» WORK REQUIRED
Write out every line below that includes the word "vxdot".

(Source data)
+ + + + + + +

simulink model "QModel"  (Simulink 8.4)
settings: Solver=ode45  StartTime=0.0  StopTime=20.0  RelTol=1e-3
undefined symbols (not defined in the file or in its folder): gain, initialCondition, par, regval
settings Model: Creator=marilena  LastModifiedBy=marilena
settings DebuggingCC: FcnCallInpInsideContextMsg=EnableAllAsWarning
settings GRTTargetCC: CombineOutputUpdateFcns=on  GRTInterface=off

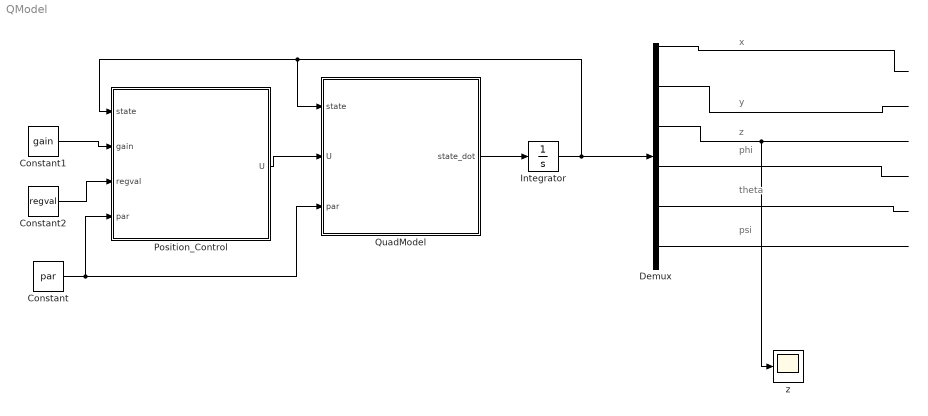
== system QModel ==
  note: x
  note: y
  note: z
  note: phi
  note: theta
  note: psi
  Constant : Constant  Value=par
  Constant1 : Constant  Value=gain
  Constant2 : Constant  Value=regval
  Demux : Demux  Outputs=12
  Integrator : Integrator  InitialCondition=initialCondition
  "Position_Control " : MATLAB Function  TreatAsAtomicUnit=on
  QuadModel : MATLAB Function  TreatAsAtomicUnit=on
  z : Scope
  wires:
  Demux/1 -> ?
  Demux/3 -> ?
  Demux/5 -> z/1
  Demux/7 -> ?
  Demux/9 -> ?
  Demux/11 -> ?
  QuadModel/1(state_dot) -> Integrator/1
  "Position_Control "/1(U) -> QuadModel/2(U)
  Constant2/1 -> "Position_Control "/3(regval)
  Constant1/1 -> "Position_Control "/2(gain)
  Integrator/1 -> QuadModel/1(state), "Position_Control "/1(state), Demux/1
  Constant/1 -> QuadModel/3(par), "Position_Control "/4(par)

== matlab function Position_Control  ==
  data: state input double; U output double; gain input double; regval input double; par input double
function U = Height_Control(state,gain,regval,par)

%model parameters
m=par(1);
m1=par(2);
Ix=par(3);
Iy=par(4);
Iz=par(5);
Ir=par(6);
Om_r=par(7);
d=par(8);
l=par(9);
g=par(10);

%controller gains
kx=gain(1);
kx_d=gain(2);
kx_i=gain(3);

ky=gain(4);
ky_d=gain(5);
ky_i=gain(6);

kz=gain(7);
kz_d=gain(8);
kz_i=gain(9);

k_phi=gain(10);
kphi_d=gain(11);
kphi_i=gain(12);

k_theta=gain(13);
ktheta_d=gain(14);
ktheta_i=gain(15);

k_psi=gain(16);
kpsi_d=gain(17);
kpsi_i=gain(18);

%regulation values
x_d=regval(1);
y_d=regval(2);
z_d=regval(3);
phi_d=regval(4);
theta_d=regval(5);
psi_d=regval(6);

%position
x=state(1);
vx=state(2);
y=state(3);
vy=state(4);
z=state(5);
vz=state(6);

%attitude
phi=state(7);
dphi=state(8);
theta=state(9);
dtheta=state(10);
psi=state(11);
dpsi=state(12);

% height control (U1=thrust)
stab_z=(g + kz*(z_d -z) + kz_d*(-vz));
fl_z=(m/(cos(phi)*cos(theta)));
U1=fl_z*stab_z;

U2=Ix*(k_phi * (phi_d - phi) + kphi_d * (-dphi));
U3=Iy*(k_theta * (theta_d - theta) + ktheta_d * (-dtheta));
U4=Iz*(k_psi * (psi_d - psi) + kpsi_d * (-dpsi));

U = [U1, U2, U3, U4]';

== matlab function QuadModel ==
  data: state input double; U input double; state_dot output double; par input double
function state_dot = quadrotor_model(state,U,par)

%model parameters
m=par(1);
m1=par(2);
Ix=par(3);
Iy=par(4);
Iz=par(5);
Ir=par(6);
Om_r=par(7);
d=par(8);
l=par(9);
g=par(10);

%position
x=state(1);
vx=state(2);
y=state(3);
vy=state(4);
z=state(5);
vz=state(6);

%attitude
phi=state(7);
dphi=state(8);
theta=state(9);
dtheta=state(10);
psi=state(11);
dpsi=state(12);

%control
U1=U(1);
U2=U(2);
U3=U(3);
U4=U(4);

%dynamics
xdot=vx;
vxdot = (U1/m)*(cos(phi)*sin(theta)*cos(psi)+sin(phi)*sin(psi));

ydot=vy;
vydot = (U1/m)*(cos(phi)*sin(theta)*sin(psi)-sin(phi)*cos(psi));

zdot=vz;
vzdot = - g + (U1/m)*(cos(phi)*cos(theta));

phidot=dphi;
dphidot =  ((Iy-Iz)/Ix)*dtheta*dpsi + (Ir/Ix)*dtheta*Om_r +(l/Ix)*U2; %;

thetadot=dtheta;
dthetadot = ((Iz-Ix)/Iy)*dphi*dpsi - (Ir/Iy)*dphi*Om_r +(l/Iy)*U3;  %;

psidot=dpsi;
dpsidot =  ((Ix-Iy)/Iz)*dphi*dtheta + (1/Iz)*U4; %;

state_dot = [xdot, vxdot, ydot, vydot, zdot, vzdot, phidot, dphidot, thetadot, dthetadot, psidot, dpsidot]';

+ + + + + + +

» YOUR RESPONSE
vxdot = (U1/m)*(cos(phi)*sin(theta)*cos(psi)+sin(phi)*sin(psi));
state_dot = [xdot, vxdot, ydot, vydot, zdot, vzdot, phidot, dphidot, thetadot, dthetadot, psidot, dpsidot]';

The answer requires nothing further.